Un petit morceau d’Espagne dans la campagne française

Pourquoi Llívia est une enclave espagnole à l’intérieur de la France, comment un traité de 1659 l’a créée et pourquoi l’accès routier et les règles aux frontières provoquent encore des tensions aujourd’hui

L’identité de la ville est résolument catalane

En France métropolitaine, 13 km² appartiennent à un autre pays. Bienvenue à Llívia, une enclave espagnole à cinq kilomètres de sa frontière, mais entouré par les Pyrénées-Orientales.

Cet aspect particulier de la France remonte à 1659, lorsque fut signé le Traité des Pyrénées, mettant fin à la guerre franco-espagnole qui dura 24 ans et donnant à la France 33 villages.

Seule Llívia fut alors classée ville, un détail juridique sur lequel l’Espagne capitalisa.

En 2017, 95 % de la population de Llívia a voté pour l’indépendance de la Catalogne

Plus de 357 ans se sont écoulés et Llívia est restée entièrement espagnole.

C’est un fief catalan d’environ 1 500 habitants, qui parlent principalement le catalan.

Les fêtes et la gastronomie de la ville reflètent cette identité. Les célébrations annuelles mettent en vedette la musique et la danse traditionnelles catalanes. Les restaurants locaux servent des plats catalans comme escudella je carn d’olla et pa amb tomàquet. Les magasins ferment l’après-midi et les restaurants sont ouverts jusqu’à 22h00.

L’agriculture et le tourisme sont ses deux principaux secteurs de croissance. Les marchés locaux vendent des fromages et des charcuteries catalanes, générant une activité touristique.


La pharmacie Esteve de Llívia prétend être l’une des plus anciennes d’Europe

Ses principales attractions sont le musée de la pharmacie Esteve, qui abrite l’une des plus anciennes pharmacies d’Europe et attire environ 16 000 touristes par an, ainsi que plusieurs bâtiments de construction romaine.
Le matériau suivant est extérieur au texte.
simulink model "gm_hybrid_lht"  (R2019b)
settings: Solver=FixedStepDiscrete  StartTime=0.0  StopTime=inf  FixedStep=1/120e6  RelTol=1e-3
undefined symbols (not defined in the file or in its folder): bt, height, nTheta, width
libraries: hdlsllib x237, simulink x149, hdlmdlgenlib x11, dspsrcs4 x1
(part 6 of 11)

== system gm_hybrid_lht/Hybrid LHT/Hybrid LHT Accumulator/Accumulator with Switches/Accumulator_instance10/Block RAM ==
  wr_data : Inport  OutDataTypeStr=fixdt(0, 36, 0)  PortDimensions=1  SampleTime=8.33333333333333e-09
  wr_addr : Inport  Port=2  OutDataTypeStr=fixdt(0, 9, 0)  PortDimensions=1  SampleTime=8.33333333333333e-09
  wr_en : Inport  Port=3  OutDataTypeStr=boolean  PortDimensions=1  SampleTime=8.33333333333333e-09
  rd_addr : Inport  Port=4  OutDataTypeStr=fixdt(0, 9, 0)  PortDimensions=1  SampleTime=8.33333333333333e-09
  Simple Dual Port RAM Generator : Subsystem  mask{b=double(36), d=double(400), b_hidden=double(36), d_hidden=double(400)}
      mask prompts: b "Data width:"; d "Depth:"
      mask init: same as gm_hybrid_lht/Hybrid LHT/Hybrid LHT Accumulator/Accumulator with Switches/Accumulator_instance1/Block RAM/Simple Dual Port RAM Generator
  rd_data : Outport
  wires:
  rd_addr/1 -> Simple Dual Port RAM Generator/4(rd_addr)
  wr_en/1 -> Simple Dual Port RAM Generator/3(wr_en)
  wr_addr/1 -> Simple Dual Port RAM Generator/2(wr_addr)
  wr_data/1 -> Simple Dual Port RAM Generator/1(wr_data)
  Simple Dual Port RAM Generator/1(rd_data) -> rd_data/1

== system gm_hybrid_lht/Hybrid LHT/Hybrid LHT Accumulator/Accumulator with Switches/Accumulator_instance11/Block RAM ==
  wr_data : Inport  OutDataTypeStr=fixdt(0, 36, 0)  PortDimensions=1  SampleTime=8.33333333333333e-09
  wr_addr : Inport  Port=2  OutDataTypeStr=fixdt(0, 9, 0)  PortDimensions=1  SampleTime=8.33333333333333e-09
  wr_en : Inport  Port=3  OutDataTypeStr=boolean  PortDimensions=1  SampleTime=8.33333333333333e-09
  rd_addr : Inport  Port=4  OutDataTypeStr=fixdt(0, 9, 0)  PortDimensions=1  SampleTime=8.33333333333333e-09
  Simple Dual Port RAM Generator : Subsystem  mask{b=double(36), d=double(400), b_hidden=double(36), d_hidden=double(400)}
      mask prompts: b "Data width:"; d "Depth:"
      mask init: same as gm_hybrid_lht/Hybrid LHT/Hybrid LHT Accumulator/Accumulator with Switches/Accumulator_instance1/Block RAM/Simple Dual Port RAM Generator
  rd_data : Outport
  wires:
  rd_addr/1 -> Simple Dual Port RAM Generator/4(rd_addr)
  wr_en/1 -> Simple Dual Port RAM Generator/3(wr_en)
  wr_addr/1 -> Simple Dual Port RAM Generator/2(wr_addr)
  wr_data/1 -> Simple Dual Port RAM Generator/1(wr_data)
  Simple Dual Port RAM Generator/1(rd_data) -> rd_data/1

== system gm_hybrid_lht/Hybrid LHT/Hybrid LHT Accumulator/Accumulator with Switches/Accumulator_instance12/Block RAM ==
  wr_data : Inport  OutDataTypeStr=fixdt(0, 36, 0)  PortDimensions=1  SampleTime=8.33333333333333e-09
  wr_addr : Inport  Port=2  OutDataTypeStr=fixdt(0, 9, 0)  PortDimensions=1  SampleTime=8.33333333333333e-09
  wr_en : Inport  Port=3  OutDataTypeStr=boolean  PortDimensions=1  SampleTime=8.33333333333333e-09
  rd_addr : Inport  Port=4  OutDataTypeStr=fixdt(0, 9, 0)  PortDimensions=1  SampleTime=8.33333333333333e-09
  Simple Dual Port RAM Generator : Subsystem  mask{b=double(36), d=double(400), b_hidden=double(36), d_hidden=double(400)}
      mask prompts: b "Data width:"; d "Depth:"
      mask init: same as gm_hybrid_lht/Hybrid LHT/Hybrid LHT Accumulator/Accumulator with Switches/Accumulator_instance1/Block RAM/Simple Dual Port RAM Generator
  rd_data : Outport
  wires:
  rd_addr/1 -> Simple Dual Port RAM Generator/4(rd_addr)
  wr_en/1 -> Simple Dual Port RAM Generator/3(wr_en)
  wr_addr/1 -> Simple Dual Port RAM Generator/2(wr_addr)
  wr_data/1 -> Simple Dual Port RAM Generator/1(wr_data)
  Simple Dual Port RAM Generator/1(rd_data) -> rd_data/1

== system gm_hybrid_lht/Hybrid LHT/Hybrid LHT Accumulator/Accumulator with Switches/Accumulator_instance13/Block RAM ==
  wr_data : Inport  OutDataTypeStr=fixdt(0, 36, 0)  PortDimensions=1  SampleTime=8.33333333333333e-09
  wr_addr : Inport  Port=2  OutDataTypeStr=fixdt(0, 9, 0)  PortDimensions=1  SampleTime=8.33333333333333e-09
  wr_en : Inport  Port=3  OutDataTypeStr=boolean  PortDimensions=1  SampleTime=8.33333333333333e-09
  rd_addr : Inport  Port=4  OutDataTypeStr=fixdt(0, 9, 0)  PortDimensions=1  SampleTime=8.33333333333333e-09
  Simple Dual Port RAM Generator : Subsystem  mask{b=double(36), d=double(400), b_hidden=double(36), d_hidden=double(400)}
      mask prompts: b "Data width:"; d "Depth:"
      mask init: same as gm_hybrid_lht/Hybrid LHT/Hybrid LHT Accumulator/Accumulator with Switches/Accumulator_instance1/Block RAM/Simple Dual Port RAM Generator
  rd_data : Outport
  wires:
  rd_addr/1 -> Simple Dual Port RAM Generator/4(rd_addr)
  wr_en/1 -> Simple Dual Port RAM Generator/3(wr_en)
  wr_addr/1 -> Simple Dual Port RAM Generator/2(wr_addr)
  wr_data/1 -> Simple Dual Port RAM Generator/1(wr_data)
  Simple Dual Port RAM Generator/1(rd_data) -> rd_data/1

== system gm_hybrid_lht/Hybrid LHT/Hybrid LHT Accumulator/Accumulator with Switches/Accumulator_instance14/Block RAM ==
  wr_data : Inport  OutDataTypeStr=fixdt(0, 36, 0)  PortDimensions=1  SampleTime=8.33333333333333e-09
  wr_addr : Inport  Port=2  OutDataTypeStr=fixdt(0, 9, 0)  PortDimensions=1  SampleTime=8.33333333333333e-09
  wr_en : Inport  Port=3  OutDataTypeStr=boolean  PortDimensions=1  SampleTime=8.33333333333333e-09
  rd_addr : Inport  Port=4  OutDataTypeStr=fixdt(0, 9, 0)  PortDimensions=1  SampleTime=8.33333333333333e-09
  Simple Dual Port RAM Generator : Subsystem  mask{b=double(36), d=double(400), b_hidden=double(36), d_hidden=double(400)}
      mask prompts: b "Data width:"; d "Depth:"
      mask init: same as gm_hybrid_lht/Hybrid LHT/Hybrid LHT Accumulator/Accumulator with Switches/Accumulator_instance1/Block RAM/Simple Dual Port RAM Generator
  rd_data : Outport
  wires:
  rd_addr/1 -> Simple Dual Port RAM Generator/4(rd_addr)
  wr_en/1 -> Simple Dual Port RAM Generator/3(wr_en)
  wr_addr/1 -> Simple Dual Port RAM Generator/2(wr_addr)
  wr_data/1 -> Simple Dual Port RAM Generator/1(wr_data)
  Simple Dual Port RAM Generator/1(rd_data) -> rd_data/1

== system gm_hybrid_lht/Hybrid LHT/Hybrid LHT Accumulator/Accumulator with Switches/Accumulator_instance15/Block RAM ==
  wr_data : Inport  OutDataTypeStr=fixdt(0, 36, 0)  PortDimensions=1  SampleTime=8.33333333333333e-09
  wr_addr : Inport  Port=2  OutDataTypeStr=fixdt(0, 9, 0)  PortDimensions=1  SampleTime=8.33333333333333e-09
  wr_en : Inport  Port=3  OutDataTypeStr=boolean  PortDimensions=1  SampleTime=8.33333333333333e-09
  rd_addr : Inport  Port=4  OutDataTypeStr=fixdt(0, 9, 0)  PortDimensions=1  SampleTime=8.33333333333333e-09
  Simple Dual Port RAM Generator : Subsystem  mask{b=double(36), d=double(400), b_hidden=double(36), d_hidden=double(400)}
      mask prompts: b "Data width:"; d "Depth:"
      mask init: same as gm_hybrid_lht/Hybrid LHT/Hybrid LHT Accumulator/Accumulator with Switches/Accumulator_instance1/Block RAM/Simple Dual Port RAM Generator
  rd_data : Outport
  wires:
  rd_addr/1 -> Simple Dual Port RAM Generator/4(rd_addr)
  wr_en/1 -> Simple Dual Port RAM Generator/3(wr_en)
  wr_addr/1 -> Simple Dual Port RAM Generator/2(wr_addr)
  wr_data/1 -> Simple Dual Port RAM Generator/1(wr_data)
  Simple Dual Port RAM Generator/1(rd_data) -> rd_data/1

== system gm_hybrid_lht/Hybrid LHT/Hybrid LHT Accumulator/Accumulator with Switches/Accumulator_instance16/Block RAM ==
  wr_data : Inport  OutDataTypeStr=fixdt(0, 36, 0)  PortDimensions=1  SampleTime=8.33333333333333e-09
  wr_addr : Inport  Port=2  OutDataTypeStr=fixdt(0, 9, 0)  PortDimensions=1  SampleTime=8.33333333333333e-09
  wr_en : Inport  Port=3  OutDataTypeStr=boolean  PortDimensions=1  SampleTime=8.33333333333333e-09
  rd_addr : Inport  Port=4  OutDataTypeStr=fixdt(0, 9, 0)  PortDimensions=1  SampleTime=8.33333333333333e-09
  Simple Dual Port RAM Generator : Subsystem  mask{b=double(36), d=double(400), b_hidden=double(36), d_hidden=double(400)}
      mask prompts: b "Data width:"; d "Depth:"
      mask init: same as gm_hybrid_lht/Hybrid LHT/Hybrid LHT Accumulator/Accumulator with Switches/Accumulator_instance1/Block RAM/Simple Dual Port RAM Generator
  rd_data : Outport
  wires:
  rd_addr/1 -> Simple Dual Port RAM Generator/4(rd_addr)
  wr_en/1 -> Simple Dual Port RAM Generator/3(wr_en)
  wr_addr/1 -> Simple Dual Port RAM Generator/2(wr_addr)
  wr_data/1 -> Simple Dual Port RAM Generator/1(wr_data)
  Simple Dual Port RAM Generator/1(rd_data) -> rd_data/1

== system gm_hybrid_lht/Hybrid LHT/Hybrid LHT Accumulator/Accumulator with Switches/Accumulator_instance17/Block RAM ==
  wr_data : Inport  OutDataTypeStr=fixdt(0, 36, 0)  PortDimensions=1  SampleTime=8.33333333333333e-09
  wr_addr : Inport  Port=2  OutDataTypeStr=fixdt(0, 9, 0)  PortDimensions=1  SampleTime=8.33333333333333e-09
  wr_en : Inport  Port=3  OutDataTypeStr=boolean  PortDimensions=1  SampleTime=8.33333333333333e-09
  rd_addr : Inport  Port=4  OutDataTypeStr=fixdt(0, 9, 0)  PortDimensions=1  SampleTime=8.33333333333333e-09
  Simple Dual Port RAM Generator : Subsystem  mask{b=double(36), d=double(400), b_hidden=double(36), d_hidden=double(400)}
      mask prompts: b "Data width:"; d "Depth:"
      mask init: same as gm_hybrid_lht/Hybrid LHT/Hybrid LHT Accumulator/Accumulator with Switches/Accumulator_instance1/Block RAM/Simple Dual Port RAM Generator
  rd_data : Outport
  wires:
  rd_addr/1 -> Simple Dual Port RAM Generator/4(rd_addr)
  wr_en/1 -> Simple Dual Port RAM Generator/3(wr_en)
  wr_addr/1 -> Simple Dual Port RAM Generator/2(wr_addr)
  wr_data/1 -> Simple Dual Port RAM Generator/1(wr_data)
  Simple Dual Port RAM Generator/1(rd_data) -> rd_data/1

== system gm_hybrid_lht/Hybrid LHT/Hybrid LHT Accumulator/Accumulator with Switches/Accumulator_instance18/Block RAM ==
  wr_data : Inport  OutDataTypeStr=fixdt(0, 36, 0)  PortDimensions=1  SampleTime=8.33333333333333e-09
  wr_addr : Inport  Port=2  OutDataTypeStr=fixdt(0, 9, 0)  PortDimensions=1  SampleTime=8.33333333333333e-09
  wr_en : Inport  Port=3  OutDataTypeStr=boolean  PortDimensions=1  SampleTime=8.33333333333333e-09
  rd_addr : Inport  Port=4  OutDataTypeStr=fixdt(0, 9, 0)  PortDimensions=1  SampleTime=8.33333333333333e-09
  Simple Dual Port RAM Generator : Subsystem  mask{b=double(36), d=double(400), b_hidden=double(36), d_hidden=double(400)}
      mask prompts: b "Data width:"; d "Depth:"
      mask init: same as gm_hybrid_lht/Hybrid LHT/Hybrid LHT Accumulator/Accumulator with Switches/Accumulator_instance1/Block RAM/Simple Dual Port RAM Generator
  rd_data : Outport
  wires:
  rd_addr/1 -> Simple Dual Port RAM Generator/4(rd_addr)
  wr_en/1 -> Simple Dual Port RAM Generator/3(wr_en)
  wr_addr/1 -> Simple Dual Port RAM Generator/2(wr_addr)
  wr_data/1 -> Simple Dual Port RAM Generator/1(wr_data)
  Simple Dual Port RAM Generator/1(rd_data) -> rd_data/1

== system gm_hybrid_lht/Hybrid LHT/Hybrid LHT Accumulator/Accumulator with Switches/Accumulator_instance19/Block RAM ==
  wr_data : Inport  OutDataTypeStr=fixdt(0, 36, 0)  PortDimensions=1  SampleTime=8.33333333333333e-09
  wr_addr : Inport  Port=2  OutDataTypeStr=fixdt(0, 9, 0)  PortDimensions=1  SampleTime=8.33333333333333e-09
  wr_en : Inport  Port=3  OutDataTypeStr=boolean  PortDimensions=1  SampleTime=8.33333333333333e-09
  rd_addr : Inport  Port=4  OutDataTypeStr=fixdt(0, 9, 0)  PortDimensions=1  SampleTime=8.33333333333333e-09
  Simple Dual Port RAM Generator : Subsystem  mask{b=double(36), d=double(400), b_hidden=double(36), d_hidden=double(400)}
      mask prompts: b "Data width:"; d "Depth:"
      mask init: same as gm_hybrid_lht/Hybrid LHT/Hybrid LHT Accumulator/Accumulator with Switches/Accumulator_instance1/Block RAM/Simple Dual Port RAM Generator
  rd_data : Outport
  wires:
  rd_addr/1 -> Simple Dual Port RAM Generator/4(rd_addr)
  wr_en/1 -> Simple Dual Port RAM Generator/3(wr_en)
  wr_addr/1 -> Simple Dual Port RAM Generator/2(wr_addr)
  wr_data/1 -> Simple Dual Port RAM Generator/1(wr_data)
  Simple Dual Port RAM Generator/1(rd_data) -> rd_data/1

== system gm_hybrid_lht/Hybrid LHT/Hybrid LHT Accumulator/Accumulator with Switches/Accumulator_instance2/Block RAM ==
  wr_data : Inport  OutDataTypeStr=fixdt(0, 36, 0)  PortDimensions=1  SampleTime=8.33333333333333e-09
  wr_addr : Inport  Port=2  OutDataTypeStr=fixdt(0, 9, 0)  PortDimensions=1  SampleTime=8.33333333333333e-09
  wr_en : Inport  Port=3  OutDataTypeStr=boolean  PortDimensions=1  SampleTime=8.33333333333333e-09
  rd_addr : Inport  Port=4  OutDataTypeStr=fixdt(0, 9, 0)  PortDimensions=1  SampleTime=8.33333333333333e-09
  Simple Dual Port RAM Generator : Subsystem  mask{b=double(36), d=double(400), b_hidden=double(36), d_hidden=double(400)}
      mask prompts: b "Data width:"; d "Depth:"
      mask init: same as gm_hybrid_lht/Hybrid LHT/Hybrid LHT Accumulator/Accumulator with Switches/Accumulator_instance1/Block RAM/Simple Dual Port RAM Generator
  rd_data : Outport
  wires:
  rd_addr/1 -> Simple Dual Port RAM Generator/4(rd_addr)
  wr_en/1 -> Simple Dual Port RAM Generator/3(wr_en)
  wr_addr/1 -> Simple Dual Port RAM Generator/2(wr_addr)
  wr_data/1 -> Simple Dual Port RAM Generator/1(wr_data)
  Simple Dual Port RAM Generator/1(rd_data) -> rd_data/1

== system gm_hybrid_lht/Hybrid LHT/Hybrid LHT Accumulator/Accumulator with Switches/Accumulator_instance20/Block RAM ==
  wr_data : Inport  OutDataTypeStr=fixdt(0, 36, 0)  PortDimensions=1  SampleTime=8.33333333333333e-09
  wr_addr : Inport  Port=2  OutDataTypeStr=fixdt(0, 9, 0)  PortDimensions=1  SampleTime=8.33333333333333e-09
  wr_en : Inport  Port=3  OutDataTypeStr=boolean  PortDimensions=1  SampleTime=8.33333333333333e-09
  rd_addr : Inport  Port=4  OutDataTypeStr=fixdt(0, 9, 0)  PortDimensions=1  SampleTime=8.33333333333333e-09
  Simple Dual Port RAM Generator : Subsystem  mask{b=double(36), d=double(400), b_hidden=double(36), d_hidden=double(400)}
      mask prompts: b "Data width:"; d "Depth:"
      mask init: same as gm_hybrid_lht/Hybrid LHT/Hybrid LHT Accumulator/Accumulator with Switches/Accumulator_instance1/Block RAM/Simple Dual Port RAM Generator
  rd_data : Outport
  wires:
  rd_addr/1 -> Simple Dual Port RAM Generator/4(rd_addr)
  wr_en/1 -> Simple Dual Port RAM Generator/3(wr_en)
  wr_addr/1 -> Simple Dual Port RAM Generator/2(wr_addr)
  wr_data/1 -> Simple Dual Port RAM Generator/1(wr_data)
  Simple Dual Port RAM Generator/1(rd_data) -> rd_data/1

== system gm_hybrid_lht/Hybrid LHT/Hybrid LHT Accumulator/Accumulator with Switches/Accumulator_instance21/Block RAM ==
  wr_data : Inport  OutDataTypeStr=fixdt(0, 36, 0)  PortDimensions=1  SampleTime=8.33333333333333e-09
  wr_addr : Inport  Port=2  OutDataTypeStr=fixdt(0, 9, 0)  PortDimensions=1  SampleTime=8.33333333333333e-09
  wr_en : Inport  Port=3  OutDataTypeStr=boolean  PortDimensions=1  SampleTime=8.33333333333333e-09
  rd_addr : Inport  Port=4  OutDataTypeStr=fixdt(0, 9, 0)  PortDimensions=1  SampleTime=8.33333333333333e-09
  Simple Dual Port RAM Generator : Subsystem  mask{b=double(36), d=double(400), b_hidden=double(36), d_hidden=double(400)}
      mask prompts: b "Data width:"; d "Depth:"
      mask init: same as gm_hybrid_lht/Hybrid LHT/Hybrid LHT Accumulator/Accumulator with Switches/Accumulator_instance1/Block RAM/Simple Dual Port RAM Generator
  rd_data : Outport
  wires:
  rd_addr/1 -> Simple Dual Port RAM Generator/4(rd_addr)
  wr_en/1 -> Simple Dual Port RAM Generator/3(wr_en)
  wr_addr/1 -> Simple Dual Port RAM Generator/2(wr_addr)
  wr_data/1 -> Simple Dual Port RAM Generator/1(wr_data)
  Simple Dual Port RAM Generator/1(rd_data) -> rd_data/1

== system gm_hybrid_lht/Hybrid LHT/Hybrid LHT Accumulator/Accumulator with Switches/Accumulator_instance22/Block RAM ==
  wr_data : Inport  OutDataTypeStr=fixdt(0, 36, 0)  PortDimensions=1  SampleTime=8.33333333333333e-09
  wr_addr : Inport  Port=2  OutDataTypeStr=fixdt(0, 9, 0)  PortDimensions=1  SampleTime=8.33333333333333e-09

Il existe encore une source majeure de conflit qui dure depuis des siècles : l’accès routier. Au cours des deux premiers siècles, les frontières avaient une vague démarcation écrite le long de l’actuelle frontière franco-espagnole, ce qui a conduit à de vastes conflits sur le contrôle des cours d’eau et des pâturages.

Napoléon III et Isabelle II d’Espagne cherchèrent à mettre fin à ces troubles et signèrent trois traités distincts en 1856, 1862 et 1866.

À Llívia, l’utilisation du canal est partagée avec la France, les deux pays bénéficiant de droits d’utilisation à différents jours de la semaine. Les résidents français peuvent l’utiliser du dimanche matin au mercredi soir. Les Espagnols peuvent l’utiliser les autres jours.


Le bétail peut se déplacer librement dans les pâturages de Llívia à condition d’en informer le maire huit jours à l’avance.

Affrontements sur une route neutre

Les traités précisaient également que Pilotes espagnols ne devrait pas être soumis à des contrôles de police sur la D68, la route française qui traverse Llívia mais qui est considérée dans le village comme la N154. Sa propriété reste neutre.

Cette spécificité est au cœur de la « Guerre des Stops » de 1971, car les traités signés dans les années 1850 et 1860 ne mentionnaient pas les conséquences de la dégradation des stop.

Pendant trois semaines en avril 1971, des panneaux d’arrêt installés par des ouvriers français sur la D68 pour réduire la vitesse avant un rond-point dangereux ont été systématiquement retirés du jour au lendemain par les habitants. Llívia combattit le gouvernement français, qui finit par reculer. En 1983, Llívia s’est dotée d’un nouveau pont pour remplacer son rond-point.

Dans les années 2000, les habitants se sont opposés au projet du gouvernement français visant à construire un nouveau rond-point sur la D68, qui a finalement été inauguré en 2015 pour relier Puigcerdà, une ville frontalière espagnole.